Annotated motif instances in YAML format will be saved in the specified output directory.

Calculating motif co-occurrences

python main.py co_occurrence \
    --config_path <path_to_config> \
    --annot_yaml_path <path_to_annotation_yaml> \
    --motif_instances_yaml_path <path_to_motif_instances_yaml> \
    --output_dir <output_directory>

Calculates the co-occurrences between motifs. The configuration file specifies parameters for motif co-occurrence calculation. Here's an example:

num_trials: 100
d_ranges:
  - low: 0
    high: 150
  - low: 150
    high: 300
  - low: 300
    high: 500
  - low: 500
    high: 999999999
seed: 0

• num_trials: The number of trials (number of shuffles)
• d_ranges: The distance ranges for the calculation
• seed: Random seed for reproducibility

The output contingency matrices, in JSON format, will be saved in the specified output directory.

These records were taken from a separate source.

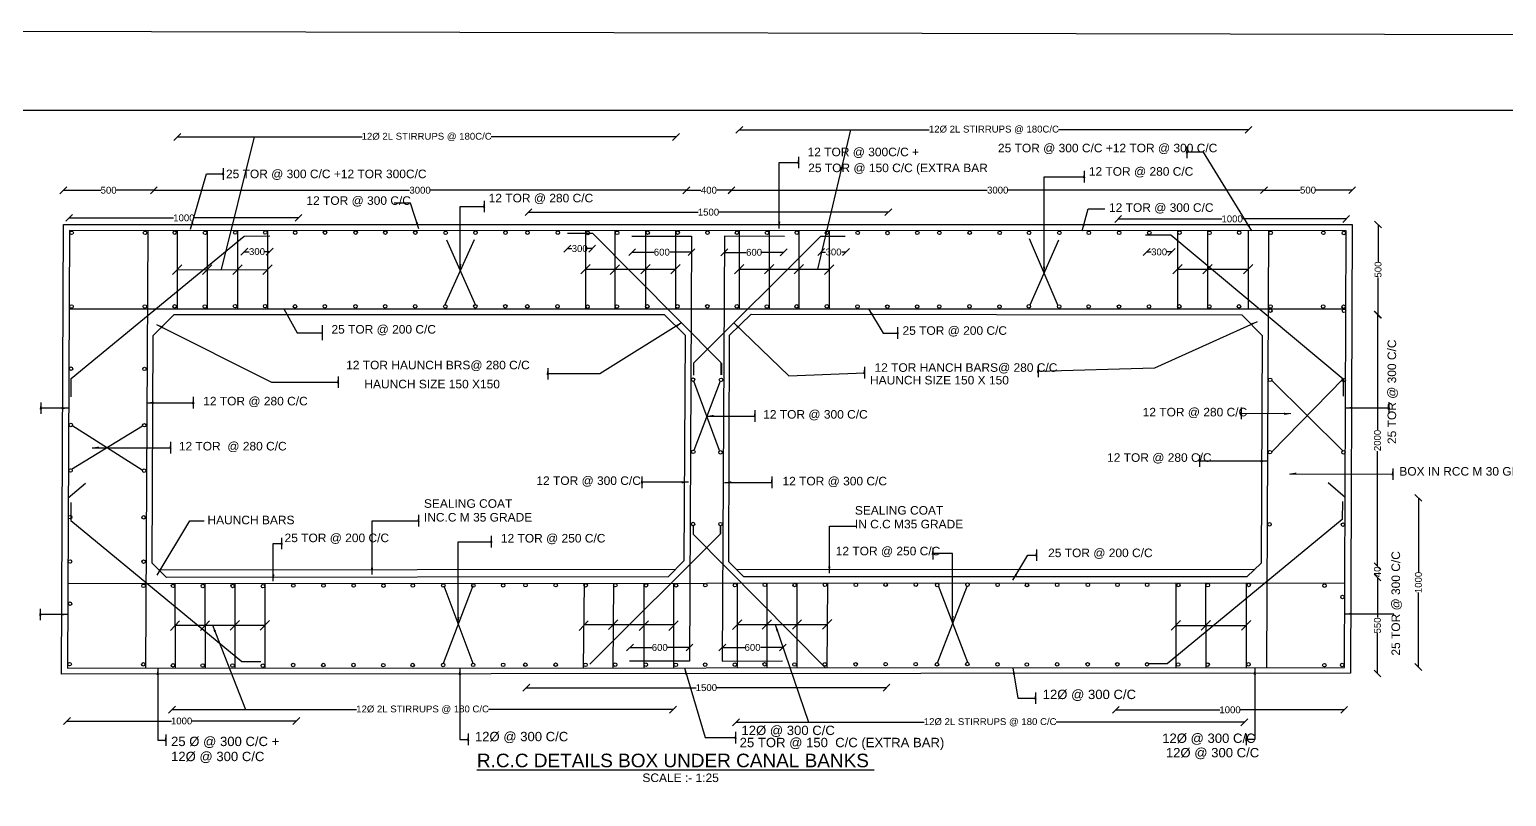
# Model space of a CAD drawing. Header units: metres. Extents: x 4 to 1005, y 1 to 472.
# Drawn here: x 230.1 to 660.8, y 248 to 471.7 of the extents above; entities that cross this region are included whole.
import ezdxf

# ---------------------------------------------------------------- set-up
doc = ezdxf.new("R2010")
doc.units = ezdxf.units.M
doc.header["$MEASUREMENT"] = 0
for name, color, linetype in [('DIMENSION', 7, 'Continuous'), ('DRAWING', 7, 'Continuous'), ('TEXT', 7, 'Continuous')]:
    doc.layers.add(name, color=color, linetype=linetype)
doc.styles.get("Standard").update_dxf_attribs({"font": 'arial.ttf'})
doc.dimstyles.get("Standard").update_dxf_attribs({"dimtxt": 2, "dimasz": 2, "dimexe": 0.18, "dimexo": 0.0625, "dimgap": 0.09, "dimtad": 0, "dimdec": 0, "dimzin": 0, "dimdsep": 46, "dimtxsty": 'Standard', "dimblk": 'OBLIQUE', "dimcen": 0, "dimse1": 1, "dimse2": 1, "dimadec": 0, "dimazin": 0, "dimtfac": 1, "dimtdec": 0, "dimtofl": 0, "dimtmove": 0, "dimatfit": 3, "dimfxl": 1, "dimtolj": 1, "dimtzin": 0, "dimarcsym": 0})
picture_1 = doc.add_image_def('image1.jpg', size_in_pixel=(7220, 3384))

# ---------------------------------------------------------------- blocks, each defined once
blk = doc.blocks.new('_Oblique')
at = {"color": 0, "linetype": 'ByBlock', "lineweight": -2}
blk.add_line((-0.5, -0.5), (0.5, 0.5), dxfattribs=at)
blk = doc.blocks.new('*D4')
at = {"layer": 'Defpoints', "color": 0, "transparency": 16777216}
for p in [(239.96, 424.84), (266.34, 424.84), (266.34, 424.84)]:
    blk.add_point(p, dxfattribs=at)
at = {"layer": 'DIMENSION', "color": 0, "lineweight": -2, "transparency": 16777216}
for p, q in [((239.96, 424.84), (250.85, 424.84)), ((266.34, 424.84), (255.45, 424.84))]:
    blk.add_line(p, q, dxfattribs=at)
at = {"layer": 'DIMENSION', "color": 0, "lineweight": -2, "transparency": 16777216, "xscale": 2, "yscale": 2, "zscale": 2, "rotation": 180}
blk.add_blockref('_Oblique', (239.96, 424.84), dxfattribs=at)
at = {"layer": 'DIMENSION', "color": 0, "lineweight": -2, "transparency": 16777216, "xscale": 2, "yscale": 2, "zscale": 2}
blk.add_blockref('_Oblique', (266.34, 424.84), dxfattribs=at)
at = {"layer": 'DIMENSION', "color": 0, "transparency": 16777216, "insert": (253.15, 424.84), "char_height": 2, "attachment_point": 5}
blk.add_mtext('\\A1;500', dxfattribs=at)
blk = doc.blocks.new('*D5')
at = {"layer": 'Defpoints', "color": 0, "transparency": 16777216}
for p in [(266.34, 424.84), (421.62, 424.84), (421.62, 424.84)]:
    blk.add_point(p, dxfattribs=at)
at = {"layer": 'DIMENSION', "color": 0, "lineweight": -2, "transparency": 16777216}
for p, q in [((266.34, 424.84), (340.91, 424.84)), ((421.62, 424.84), (347.05, 424.84))]:
    blk.add_line(p, q, dxfattribs=at)
at = {"layer": 'DIMENSION', "color": 0, "lineweight": -2, "transparency": 16777216, "xscale": 2, "yscale": 2, "zscale": 2, "rotation": 180}
blk.add_blockref('_Oblique', (266.34, 424.84), dxfattribs=at)
at = {"layer": 'DIMENSION', "color": 0, "lineweight": -2, "transparency": 16777216, "xscale": 2, "yscale": 2, "zscale": 2}
blk.add_blockref('_Oblique', (421.62, 424.84), dxfattribs=at)
at = {"layer": 'DIMENSION', "color": 0, "transparency": 16777216, "insert": (343.98, 424.84), "char_height": 2, "attachment_point": 5}
blk.add_mtext('\\A1;3000', dxfattribs=at)
blk = doc.blocks.new('*D6')
at = {"layer": 'Defpoints', "color": 0, "transparency": 16777216}
for p in [(421.62, 424.84), (434.79, 424.84), (434.79, 424.84)]:
    blk.add_point(p, dxfattribs=at)
at = {"layer": 'DIMENSION', "color": 0, "lineweight": -2, "transparency": 16777216}
for p, q in [((421.62, 424.84), (425.87, 424.84)), ((434.79, 424.84), (430.54, 424.84))]:
    blk.add_line(p, q, dxfattribs=at)
at = {"layer": 'DIMENSION', "color": 0, "lineweight": -2, "transparency": 16777216, "xscale": 2, "yscale": 2, "zscale": 2, "rotation": 180}
blk.add_blockref('_Oblique', (421.62, 424.84), dxfattribs=at)
at = {"layer": 'DIMENSION', "color": 0, "lineweight": -2, "transparency": 16777216, "xscale": 2, "yscale": 2, "zscale": 2}
blk.add_blockref('_Oblique', (434.79, 424.84), dxfattribs=at)
at = {"layer": 'DIMENSION', "color": 0, "transparency": 16777216, "insert": (428.2, 424.84), "char_height": 2, "attachment_point": 5}
blk.add_mtext('\\A1;400', dxfattribs=at)
blk = doc.blocks.new('*D7')
at = {"layer": 'Defpoints', "color": 0, "transparency": 16777216}
for p in [(434.79, 424.84), (590.05, 424.87), (590.05, 424.84)]:
    blk.add_point(p, dxfattribs=at)
at = {"layer": 'DIMENSION', "color": 0, "lineweight": -2, "transparency": 16777216}
for p, q in [((434.79, 424.87), (509.35, 424.87)), ((590.05, 424.87), (515.49, 424.87))]:
    blk.add_line(p, q, dxfattribs=at)
at = {"layer": 'DIMENSION', "color": 0, "lineweight": -2, "transparency": 16777216, "xscale": 2, "yscale": 2, "zscale": 2, "rotation": 180}
blk.add_blockref('_Oblique', (434.79, 424.87), dxfattribs=at)
at = {"layer": 'DIMENSION', "color": 0, "lineweight": -2, "transparency": 16777216, "xscale": 2, "yscale": 2, "zscale": 2}
blk.add_blockref('_Oblique', (590.05, 424.87), dxfattribs=at)
at = {"layer": 'DIMENSION', "color": 0, "transparency": 16777216, "insert": (512.42, 424.87), "char_height": 2, "attachment_point": 5}
blk.add_mtext('\\A1;3000', dxfattribs=at)
blk = doc.blocks.new('*D8')
at = {"layer": 'Defpoints', "color": 0, "transparency": 16777216}
for p in [(590.05, 424.87), (615.77, 424.87), (615.77, 424.87)]:
    blk.add_point(p, dxfattribs=at)
at = {"layer": 'DIMENSION', "color": 0, "lineweight": -2, "transparency": 16777216}
for p, q in [((590.05, 424.87), (600.62, 424.87)), ((615.77, 424.87), (605.21, 424.87))]:
    blk.add_line(p, q, dxfattribs=at)
at = {"layer": 'DIMENSION', "color": 0, "lineweight": -2, "transparency": 16777216, "xscale": 2, "yscale": 2, "zscale": 2, "rotation": 180}
blk.add_blockref('_Oblique', (590.05, 424.87), dxfattribs=at)
at = {"layer": 'DIMENSION', "color": 0, "lineweight": -2, "transparency": 16777216, "xscale": 2, "yscale": 2, "zscale": 2}
blk.add_blockref('_Oblique', (615.77, 424.87), dxfattribs=at)
at = {"layer": 'DIMENSION', "color": 0, "transparency": 16777216, "insert": (602.91, 424.87), "char_height": 2, "attachment_point": 5}
blk.add_mtext('\\A1;500', dxfattribs=at)
blk = doc.blocks.new('*D9')
at = {"layer": 'Defpoints', "color": 0, "transparency": 16777216}
for p in [(273.19, 440.41), (418.61, 440.41), (418.61, 440.38)]:
    blk.add_point(p, dxfattribs=at)
at = {"layer": 'DIMENSION', "color": 0, "lineweight": -2, "transparency": 16777216}
for p, q in [((273.19, 440.38), (327.05, 440.38)), ((418.61, 440.38), (364.74, 440.38))]:
    blk.add_line(p, q, dxfattribs=at)
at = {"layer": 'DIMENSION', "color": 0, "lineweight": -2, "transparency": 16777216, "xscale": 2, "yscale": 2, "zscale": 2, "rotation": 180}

Analyzing strand orientation preferences

python main.py preference \
    --config_path <path_to_config> \
    --annot_yaml_path <path_to_annotation_yaml> \
    --motif_instances_yaml_path <path_to_motif_instances_yaml> \
    --output_dir <output_directory>

Determines motif binding preferences for strand orientations. The configuration file has the exact same format as the motif co-occurrence calculation configuration file. However, you may want to specify different, finer-grained distance ranges for this analysis.

The output, also in JSON format, will be saved in the specified output directory. Note that:

• An orientation of 1 stands for the forward strand, and 0 stands for the reverse strand.
• shuffled_counts of shape (num_trials, 2) are counts within and outside a particular distance range for each shuffled version of the motif instances.